PD: El Head Tracking for Desktop VR Displays using the Wii Remote es algo que me fasino y que creo que puede cambiar muchas cosas.


----------



## caeg (Abr 19, 2008)

Yo me apunto para jugar con mi wii voy a ver si logro hacer algo pero primero me voy a conseguir un bluetooth para ver que consigo hacer con la compu y el wii  
Saludos


----------



## Guest (Abr 19, 2008)

Jhony Chung Lee es Dios, llevo bastante tiempo siguiendole, sus movidas funcionan de verdad. La verdad que ya he podido conectar el wiimote al PC y es sencillamente la ostia, un aparatito tan simple y tan util y provechoso, los he visto incluso usandose para controlar aibos, cortinas, telescopios..., llevan la ingenieria de un  telefono movil y toda para ti! yo ahora estoy mirando la forma de conectarlos directamente a hadware.


----------



## JoS182 (Abr 19, 2008)

Hemp dijo:
			
		

> Jhony Chung Lee es Dios, llevo bastante tiempo siguiendole, sus movidas funcionan de verdad.

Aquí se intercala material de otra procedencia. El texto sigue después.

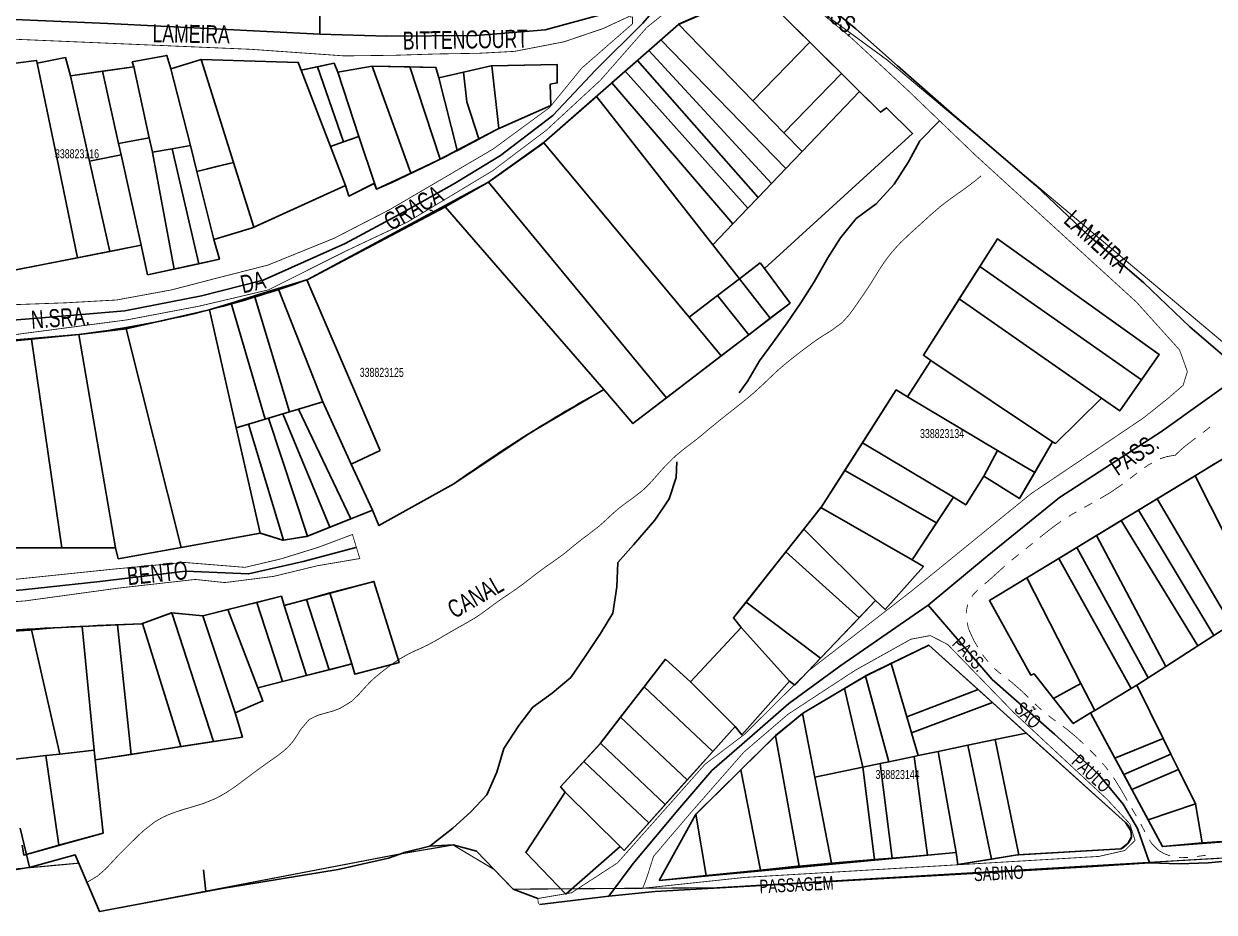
# Model space of a CAD drawing. Extents: x 203614 to 206284, y 4847494 to 4848495.
# Drawn here: x 205864.1 to 206128.5, y 4847594.2 to 4847791.6 of the extents above; entities that cross this region are included whole.
import ezdxf
from ezdxf.enums import TextEntityAlignment as Align

# ---------------------------------------------------------------- set-up
doc = ezdxf.new("R2010")
doc.units = 0
doc.header["$LTSCALE"] = 1.5
doc.header["$MEASUREMENT"] = 0
doc.linetypes.add('PHANTOMX2', pattern=[5, 2.5, -0.5, 0.5, -0.5, 0.5, -0.5])
for name, color, linetype in [('CD-MALHA-LOTES', 40, 'CONTINUOUS'), ('CD_TXT_QUADRA', 7, 'CONTINUOUS'), ('HD-CANAIS', 7, 'CONTINUOUS'), ('HD-TXT-CANAIS', 7, 'CONTINUOUS'), ('LM-LIM-SETOR-FISCAL', 7, 'CONTINUOUS'), ('RU-QUADRAS', 210, 'CONTINUOUS'), ('SV-CAMINHO-TRILHA', 20, 'CONTINUOUS'), ('SV-EIXO-RUA-N-PAV', 6, 'CONTINUOUS'), ('SV-ESTIVAS', 7, 'CONTINUOUS'), ('SV-RUA-NAO-PAV-S-GUIA-C-GUIA', 7, 'PHANTOMX2'), ('SV-TXT-RUA-N-PAV-S-GUIA-C-GUIA', 7, 'CONTINUOUS')]:
    doc.layers.add(name, color=color, linetype=linetype)
doc.styles.add('ARIAL', font='ARIAL.TTF')
doc.linetypes.add('Limite', pattern='A,20,-3,[130,ltypeshp.shx,S=6.35,R=0,X=0,Y=0],-3,20', length=46)

msp = doc.modelspace()

# ---------------------------------------------------------------- linework, layer by layer
at = {"layer": 'CD-MALHA-LOTES'}
for p, q in [((206009.55, 4847791.47), (206005.61, 4847788)), ((206009.55, 4847791.47), (206026.07, 4847774.46)), ((206005.61, 4847788), (206002.94, 4847785.66)), ((206033.36, 4847759.44), (206005.61, 4847788)), ((206038.71, 4847787.48), (206026.07, 4847774.46)), ((206045.72, 4847780.54), (206038.71, 4847787.48)), ((205862.28, 4847782.82), (205866.97, 4847783.45)), ((205866.97, 4847783.45), (205867.13, 4847782.82)), ((205888.23, 4847783.14), (205895.88, 4847784.54)), ((205895.88, 4847784.54), (205896.8, 4847781.59)), ((205903.51, 4847783.62), (205896.8, 4847781.59)), ((205903.51, 4847783.62), (205910.69, 4847760.79)), ((206000.43, 4847783.44), (205997.71, 4847781.06)), ((206002.94, 4847785.66), (206000.43, 4847783.44)), ((206000.43, 4847783.44), (206027.19, 4847752.98)), ((206002.94, 4847785.66), (206030.18, 4847756.11)), ((205867.13, 4847782.82), (205871.47, 4847761.88)), ((205881.58, 4847781.04), (205874.47, 4847780.01)), ((205888.54, 4847782.04), (205881.58, 4847781.04)), ((205881.58, 4847781.04), (205885.17, 4847765.01)), ((205888.54, 4847782.04), (205888.23, 4847783.14)), ((205891.99, 4847766.24), (205888.54, 4847782.04)), ((205896.8, 4847781.59), (205901.19, 4847764.51)), ((205929.33, 4847782.03), (205925.72, 4847781.26)), ((205925.72, 4847781.26), (205932.22, 4847764.33)), ((205935.14, 4847765.35), (205929.33, 4847782.03)), ((205941.51, 4847782.14), (205933.84, 4847780.79)), ((205938.55, 4847766.55), (205933.84, 4847780.79)), ((205949.88, 4847781.99), (205941.51, 4847782.14)), ((205941.51, 4847782.14), (205950.05, 4847758.37)), ((205949.88, 4847781.99), (205956.63, 4847761.5)), ((205961.76, 4847780.79), (205956.33, 4847779.54)), ((205968.06, 4847782.2), (205969.63, 4847768.29)), ((205997.71, 4847781.06), (205994.75, 4847778.45)), ((205997.71, 4847781.06), (206024.89, 4847750.58)), ((205874.47, 4847780.01), (205878.75, 4847761.02)), ((205956.33, 4847779.54), (205960.41, 4847763.48)), ((205994.75, 4847778.45), (205991.31, 4847775.43)), ((205994.75, 4847778.45), (206021.62, 4847747.16)), ((206032.95, 4847767.38), (206045.72, 4847780.54)), ((206045.72, 4847780.54), (206049.73, 4847776.56)), ((205991.31, 4847775.43), (206017.14, 4847742.46)), ((206049.73, 4847776.56), (206036.98, 4847763.23)), ((205969.63, 4847768.29), (205981.18, 4847773.45)), ((206026.07, 4847774.46), (206032.95, 4847767.38)), ((205885.17, 4847765.01), (205891.99, 4847766.24)), ((205885.73, 4847762.48), (205885.17, 4847765.01)), ((205891.99, 4847766.24), (205892.69, 4847763.05)), ((205932.22, 4847764.33), (205935.14, 4847765.35)), ((205935.14, 4847765.35), (205938.55, 4847766.55)), ((205942, 4847756.14), (205938.55, 4847766.55)), ((205960.41, 4847763.48), (205965.2, 4847765.99)), ((205979.61, 4847765.16), (205967.33, 4847756.38)), ((205979.61, 4847765.16), (206011.89, 4847726.4)), ((206036.98, 4847763.23), (206032.95, 4847767.38)), ((205885.73, 4847762.48), (205878.75, 4847761.02)), ((205890.23, 4847742.38), (205885.73, 4847762.48)), ((205897.06, 4847763.79), (205892.69, 4847763.05)), ((205892.69, 4847763.05), (205892.7, 4847762.97)), ((205892.7, 4847762.97), (205897.53, 4847737.09)), ((205897.06, 4847763.79), (205901.19, 4847764.51)), ((205903.01, 4847738.27), (205897.06, 4847763.79)), ((205901.19, 4847764.51), (205902.55, 4847758.75)), ((205932.22, 4847764.33), (205935.55, 4847755.65)), ((205956.63, 4847761.5), (205960.41, 4847763.48)), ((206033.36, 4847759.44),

La verdad que ya he podido conectar el wiimote al PC y es sencillamente la ostia, un aparatito tan simple y tan util y provechoso, los he visto incluso usandose para controlar aibos, cortinas, telescopios..., llevan la ingenieria de un  telefono movil y toda para ti! yo ahora estoy mirando la forma de conectarlos directamente a hadware.




Q bueno =), el que haga algo con la wii que lo comente en el foro. Me resulta muy interezante ver que se puede llegar a hacer con esa cosa


----------



## Guest (Abr 20, 2008)

Yo me hize numerosos scripts para controlar el ordenador entero desde el wiimote, desde el raton a programas, volumen, slideshow. Solo necesitas Blusolei y Glovepie, con el ordenador puedes incluso mejorar las cualidades del wiimote, puedes reconocer hasta 4 puntos para el puntero, y la aceleracion te la da en milesimas (de metros por segundo se supone), el acelerometro es tan preciso que detecta movimientos de mas de mas de 150Km/h, mas rapido de lo que puedes mover la mano, incluso vi a un tio que se hizo un medidor de velocidad y de fuerzas laterales para el coche con un wiimote y un portatil. Tambien puedes detectar giros, esto para un simulador de vuelo... configuras el wiimote como jostic, un pequeño script... y a fliparlo como si fuera la autentica palanca de un avion, con boton de disparo y todo .

Yo recomiedo que os metais en esto, salen muchas cosas interesantes.


----------